Just as in downhill skiing, concentrate on where you want to go when life’s trail gets bumpy

When I was a teenager learning how to downhill ski, a friend taught me how to approach moguls. A formidable challenge for someone new to the sport, I had no idea how to navigate the series of hard-packed bumps dotting a steep-feeling slope on a popular trail. What made the challenge even worse, especially for a self-conscious teenager, was that this set of moguls was located just under the ski lift.

All eyes, obviously, were pinned on me in my little 15-year-old center of the universe.

He was relaxed and encouraging. “It’s easy,” he said, “You just have to look where you want to go, and your body will follow. Don’t look at what you want to avoid — you’ll naturally go that way. But —” he demonstrated, skiing down a few moguls and then pausing and looking upward, “If you just kind of look a couple steps ahead and keep loose and sort of hop–hop–hop, you’ll get the hang of it quick.”

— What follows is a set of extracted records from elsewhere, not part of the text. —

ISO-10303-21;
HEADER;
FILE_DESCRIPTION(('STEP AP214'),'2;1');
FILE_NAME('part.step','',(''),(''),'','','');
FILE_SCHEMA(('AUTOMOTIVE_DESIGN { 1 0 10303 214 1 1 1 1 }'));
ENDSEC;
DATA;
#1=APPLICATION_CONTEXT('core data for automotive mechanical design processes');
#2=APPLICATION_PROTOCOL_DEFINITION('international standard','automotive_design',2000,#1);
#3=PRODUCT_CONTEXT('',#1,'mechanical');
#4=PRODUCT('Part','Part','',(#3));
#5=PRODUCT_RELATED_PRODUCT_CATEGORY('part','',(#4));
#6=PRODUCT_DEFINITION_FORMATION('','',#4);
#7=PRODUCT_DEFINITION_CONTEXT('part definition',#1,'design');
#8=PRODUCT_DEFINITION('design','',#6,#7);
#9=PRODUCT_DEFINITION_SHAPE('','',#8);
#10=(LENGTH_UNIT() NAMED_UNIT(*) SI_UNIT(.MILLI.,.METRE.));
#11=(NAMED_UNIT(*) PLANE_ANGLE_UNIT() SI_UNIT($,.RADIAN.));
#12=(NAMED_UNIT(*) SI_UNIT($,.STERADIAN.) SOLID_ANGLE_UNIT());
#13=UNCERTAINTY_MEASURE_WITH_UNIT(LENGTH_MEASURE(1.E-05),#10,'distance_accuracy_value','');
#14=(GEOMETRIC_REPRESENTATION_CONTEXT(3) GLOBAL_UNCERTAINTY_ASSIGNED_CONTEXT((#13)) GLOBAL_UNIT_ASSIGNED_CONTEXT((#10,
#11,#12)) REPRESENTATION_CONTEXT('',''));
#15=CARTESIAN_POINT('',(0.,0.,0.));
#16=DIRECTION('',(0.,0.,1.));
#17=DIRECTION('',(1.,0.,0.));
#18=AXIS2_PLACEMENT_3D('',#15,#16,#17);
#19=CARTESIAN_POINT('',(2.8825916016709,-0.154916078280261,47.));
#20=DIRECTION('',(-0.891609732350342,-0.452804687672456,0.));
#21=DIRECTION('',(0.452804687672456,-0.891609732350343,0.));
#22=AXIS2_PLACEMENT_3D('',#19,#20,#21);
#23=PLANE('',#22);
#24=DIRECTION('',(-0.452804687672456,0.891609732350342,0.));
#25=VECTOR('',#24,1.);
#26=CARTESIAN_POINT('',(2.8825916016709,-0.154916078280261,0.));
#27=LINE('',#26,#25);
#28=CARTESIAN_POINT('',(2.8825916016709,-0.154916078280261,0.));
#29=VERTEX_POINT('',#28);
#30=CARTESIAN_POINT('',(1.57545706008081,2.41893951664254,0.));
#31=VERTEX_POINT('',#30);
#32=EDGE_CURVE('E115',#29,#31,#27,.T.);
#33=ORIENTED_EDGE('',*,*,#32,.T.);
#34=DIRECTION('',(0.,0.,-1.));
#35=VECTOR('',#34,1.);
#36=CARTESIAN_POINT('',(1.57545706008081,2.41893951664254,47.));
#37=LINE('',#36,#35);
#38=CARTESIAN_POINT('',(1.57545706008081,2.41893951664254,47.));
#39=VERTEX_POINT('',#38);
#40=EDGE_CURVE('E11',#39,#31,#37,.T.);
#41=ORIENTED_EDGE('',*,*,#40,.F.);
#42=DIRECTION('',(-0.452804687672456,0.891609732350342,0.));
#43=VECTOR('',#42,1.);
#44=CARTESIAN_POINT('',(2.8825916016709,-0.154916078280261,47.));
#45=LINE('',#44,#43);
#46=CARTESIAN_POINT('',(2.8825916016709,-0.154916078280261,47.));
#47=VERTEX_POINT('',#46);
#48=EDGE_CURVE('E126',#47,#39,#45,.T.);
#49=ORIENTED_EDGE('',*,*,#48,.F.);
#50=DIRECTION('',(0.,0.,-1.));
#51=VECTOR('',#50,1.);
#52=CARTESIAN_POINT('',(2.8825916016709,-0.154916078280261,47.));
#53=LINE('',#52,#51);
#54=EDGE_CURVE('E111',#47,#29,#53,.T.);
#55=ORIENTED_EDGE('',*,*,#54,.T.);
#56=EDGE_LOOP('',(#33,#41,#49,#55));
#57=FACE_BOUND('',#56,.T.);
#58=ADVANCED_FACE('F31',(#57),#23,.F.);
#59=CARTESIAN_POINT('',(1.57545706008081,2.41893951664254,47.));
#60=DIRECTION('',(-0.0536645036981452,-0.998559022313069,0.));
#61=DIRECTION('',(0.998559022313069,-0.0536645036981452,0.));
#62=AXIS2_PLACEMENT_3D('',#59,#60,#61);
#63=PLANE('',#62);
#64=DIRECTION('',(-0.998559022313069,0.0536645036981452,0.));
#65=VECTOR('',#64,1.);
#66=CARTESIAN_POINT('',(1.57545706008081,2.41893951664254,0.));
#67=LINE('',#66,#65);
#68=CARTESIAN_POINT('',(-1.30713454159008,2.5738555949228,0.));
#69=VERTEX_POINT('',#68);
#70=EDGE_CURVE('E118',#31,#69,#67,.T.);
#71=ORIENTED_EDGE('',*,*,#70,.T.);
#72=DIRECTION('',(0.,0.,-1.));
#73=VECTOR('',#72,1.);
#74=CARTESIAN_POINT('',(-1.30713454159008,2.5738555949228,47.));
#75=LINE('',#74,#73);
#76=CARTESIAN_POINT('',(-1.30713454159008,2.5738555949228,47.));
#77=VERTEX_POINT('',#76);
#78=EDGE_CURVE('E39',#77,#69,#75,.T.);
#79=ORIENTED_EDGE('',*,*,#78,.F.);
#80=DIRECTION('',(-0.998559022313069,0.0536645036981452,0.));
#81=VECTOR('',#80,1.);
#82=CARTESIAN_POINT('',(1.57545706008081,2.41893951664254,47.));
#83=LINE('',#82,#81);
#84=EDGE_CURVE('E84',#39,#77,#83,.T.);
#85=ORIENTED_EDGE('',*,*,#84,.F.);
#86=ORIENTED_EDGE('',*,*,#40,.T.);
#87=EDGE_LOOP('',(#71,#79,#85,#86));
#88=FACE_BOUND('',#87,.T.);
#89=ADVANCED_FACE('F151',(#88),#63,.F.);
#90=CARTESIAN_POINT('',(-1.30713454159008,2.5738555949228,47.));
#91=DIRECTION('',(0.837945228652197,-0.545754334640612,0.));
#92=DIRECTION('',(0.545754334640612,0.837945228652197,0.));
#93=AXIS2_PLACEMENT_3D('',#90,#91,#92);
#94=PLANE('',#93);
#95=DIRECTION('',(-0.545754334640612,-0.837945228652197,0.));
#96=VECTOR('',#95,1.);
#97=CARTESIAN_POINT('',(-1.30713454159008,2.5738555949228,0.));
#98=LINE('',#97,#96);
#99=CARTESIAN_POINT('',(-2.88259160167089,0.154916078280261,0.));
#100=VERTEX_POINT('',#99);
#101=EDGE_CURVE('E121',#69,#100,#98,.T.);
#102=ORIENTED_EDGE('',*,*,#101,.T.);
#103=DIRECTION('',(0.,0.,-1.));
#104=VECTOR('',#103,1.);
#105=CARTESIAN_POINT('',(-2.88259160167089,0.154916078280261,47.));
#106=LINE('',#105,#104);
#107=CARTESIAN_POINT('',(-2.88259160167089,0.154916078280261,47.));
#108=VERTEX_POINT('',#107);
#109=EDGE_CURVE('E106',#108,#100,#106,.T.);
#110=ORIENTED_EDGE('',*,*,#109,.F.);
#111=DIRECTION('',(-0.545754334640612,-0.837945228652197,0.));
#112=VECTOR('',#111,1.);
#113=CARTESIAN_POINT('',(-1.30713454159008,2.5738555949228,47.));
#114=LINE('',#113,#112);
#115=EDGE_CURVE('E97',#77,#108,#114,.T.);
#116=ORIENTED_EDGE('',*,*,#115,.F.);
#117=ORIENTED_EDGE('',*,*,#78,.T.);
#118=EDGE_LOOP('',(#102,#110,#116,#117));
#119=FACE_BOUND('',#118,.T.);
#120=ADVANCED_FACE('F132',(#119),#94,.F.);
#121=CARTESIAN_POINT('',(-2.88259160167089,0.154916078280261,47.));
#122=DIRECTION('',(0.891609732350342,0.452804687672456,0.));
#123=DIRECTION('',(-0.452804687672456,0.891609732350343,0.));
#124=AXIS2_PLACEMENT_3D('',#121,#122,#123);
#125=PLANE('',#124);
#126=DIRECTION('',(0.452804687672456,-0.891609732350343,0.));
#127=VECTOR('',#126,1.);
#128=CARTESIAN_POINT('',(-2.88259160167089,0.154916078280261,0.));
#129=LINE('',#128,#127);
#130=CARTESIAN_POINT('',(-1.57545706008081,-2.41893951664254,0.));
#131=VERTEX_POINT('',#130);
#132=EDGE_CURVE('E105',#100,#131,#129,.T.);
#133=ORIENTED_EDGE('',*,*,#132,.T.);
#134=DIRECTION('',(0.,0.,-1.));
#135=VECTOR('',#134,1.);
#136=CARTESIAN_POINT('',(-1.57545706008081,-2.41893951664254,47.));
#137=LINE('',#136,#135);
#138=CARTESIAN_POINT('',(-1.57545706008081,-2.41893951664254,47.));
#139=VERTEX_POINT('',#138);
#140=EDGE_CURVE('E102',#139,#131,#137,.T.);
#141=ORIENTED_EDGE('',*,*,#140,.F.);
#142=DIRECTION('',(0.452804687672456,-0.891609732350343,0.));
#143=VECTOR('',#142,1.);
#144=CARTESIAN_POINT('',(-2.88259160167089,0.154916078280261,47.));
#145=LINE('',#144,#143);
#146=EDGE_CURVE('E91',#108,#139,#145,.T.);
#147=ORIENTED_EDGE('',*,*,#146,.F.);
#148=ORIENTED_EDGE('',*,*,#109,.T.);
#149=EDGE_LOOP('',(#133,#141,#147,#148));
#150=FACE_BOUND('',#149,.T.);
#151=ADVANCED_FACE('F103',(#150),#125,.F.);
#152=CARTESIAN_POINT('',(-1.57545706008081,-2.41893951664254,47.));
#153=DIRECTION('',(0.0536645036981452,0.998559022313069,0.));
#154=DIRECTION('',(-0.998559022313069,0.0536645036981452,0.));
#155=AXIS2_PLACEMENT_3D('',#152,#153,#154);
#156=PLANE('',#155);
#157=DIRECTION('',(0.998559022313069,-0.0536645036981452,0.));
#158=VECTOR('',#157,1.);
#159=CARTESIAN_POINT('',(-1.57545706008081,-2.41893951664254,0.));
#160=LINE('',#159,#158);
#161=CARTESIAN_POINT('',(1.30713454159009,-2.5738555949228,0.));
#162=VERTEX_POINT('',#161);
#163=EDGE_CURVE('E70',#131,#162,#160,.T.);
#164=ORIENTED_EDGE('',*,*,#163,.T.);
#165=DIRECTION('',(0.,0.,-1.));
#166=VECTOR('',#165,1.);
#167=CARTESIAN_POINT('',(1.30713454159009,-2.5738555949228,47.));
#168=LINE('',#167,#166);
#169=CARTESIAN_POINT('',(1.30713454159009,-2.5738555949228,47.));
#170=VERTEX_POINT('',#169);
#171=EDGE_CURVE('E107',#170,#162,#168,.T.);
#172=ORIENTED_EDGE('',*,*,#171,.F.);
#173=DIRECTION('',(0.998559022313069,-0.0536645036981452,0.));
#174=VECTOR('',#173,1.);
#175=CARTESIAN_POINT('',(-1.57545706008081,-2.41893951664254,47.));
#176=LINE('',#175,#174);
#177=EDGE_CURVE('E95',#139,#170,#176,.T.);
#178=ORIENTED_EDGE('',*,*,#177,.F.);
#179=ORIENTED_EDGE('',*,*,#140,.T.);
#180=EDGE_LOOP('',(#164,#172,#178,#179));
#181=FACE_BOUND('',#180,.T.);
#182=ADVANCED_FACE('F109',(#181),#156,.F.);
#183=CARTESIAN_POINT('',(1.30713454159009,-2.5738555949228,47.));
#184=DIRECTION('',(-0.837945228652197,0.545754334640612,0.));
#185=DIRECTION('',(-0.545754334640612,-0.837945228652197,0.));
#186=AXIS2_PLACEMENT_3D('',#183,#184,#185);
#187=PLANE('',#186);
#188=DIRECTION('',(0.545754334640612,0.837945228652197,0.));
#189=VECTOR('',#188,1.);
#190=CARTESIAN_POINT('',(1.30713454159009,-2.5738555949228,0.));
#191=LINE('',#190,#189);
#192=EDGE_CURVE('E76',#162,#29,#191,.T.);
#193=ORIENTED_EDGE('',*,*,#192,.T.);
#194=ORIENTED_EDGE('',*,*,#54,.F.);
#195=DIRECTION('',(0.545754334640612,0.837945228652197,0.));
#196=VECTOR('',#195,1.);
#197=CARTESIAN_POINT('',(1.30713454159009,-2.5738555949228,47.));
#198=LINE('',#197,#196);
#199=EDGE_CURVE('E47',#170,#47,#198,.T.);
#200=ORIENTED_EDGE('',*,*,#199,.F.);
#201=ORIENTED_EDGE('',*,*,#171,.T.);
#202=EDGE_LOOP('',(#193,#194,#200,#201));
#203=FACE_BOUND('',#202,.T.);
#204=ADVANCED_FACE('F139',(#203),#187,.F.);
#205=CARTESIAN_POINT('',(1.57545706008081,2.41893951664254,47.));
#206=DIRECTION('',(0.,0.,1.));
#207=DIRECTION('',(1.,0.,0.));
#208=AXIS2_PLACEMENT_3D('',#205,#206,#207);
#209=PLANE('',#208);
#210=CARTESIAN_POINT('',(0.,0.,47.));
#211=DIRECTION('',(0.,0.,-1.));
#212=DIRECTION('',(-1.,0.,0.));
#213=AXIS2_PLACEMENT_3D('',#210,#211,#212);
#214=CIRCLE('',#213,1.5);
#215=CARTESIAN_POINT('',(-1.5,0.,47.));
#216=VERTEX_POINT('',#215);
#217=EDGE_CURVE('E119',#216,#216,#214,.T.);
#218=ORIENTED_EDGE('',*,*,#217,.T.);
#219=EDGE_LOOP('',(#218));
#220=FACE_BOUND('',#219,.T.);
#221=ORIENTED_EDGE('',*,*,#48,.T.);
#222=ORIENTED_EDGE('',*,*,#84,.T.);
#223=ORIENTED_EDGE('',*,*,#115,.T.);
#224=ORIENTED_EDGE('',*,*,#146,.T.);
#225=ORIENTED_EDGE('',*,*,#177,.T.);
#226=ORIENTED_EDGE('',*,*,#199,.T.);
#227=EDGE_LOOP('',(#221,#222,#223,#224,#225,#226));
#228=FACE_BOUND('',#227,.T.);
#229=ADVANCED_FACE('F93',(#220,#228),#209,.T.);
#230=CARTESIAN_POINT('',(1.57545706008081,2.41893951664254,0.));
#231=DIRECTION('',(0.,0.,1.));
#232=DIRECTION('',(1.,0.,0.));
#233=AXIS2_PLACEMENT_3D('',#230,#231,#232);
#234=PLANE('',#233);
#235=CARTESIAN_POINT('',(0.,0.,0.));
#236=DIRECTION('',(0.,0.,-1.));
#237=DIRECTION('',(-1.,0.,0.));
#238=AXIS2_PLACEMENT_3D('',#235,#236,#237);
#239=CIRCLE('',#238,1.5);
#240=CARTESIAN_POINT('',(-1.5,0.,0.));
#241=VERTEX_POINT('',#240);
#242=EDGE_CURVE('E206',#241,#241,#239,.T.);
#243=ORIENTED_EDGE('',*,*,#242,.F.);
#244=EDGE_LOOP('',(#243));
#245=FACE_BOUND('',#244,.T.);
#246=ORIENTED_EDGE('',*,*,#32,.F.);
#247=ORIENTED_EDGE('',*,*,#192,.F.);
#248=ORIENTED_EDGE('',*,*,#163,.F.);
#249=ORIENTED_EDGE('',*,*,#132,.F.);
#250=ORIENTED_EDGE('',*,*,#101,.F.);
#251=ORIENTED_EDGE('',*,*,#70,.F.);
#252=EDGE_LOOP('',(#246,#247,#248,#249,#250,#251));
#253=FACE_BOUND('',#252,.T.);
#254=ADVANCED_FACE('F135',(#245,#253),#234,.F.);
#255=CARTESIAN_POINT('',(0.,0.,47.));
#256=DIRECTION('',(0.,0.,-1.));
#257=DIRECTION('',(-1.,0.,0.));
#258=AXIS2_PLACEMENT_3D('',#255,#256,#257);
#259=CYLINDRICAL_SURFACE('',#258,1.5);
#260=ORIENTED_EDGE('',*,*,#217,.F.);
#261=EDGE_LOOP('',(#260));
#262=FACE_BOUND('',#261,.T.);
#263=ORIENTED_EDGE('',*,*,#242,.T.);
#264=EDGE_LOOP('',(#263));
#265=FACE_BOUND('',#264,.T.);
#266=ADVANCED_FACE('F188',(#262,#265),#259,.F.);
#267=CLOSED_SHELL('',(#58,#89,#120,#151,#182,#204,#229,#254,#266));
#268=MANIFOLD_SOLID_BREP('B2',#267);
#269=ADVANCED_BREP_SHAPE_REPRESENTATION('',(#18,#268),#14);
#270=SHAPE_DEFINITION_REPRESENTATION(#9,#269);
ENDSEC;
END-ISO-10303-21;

I, of course, proceeded downslope and made it two or three turns before crashing spectacularly with imagined hoots and jeers coming from the skiers on the lift. But those two or three turns were more than I’d managed before, and I took his advice to heart.

Look where you want to go.

Last weekend, in the hot, dry quiet of a cedar sauna, I initiated an invented exercise with my husband.

“What are things we like? Go.”

He was game, and we took turns free-associating. Later on I wrote what I could remember down in my journal.

A hot meal after a cold day outside. The smell of buds in April. Fall in Alaska. June in Alaska. Good conversations. Fancy dinners out with the kid. Riding bikes downtown to meet friends for a beer. Accomplishing hard things. Feeling like a cog in a well-run machine. Community. Contributing. Sincerity. Sarcasm. Cleverness. Creating and curating things — writing, experiences, art. Feeling fit and lithe.

These were a mish-mash of both of our responses. Some of them overlap; some don’t. But it made me feel good to reflect on both the things I like, what he likes, and what we both like.

My world is made up of where my focus is. All that I experience is through the filter of my own brain and interpretation. I am increasingly aware of this, and of my responsibility for my own life, as I realize that I have outsized influence on my own perspective.

Example: earlier this year, I was extremely — and understandably — caught up in a rat’s nest of logistics and financial stress. Some of that I could have done more to manage emotionally, but some of it was simply the nature of the beast. I accepted that. It was a finite period of time.

But, it was also in service to a bigger adventure. I noticed, though, when I set off on what I’d worked so hard to plan, I carried with me a propensity to create stress.

I was nagging at and poking at things that didn’t need my attention. I was looking for stress because it had become habit and, in its own weird way, comfortable.

I had to do a reset, and give myself the emotional equivalent of coaching down the mogul hill, looking where I want to go and letting myself naturally follow.

It’s a lifelong learning. I did manage to let go and reinhabit the day to day, and moment to moment. And now that I’m back from the big adventure, I’m finding that I need to find the sweet spot between day-to-day stresses and pressures inherent to navigating a life, and the ease and joy of taking in the world as it comes.

I’m finding that I have a lower threshold for feeling bad.

So, I work on retraining my brain. Again and again. I’m not someone who espouses rejecting negativity outright. I don’t even believe that’s possible, although a particular breed of life coaching and “pick yourself up by your bootstraps” mentality would have me think otherwise. I also think in our rapidly changing world, it’s important to stay educated and engaged; not to tap out from what’s happening around me.

But I have to look where I want to go. If I look where I don’t want to go, my body, mind, and life will naturally follow. That’s unhealthy and, in the grand scheme of things, beside the point of living.

I am looking at how the watermelon berries make their ruby-colored zig-zag patterns alongside the trail on a warm, humid Sunday hike.

I’m enjoying the sound of rain.

I focus on what I can give and make better through various facets of the work that I do, from writing and art to consulting.

I enjoy the conversation that runs deeper than the weather.

I fill up my focus and my mind with these things I like, not to crowd out everything else but to shift my main perspective. I hope I can naturally follow.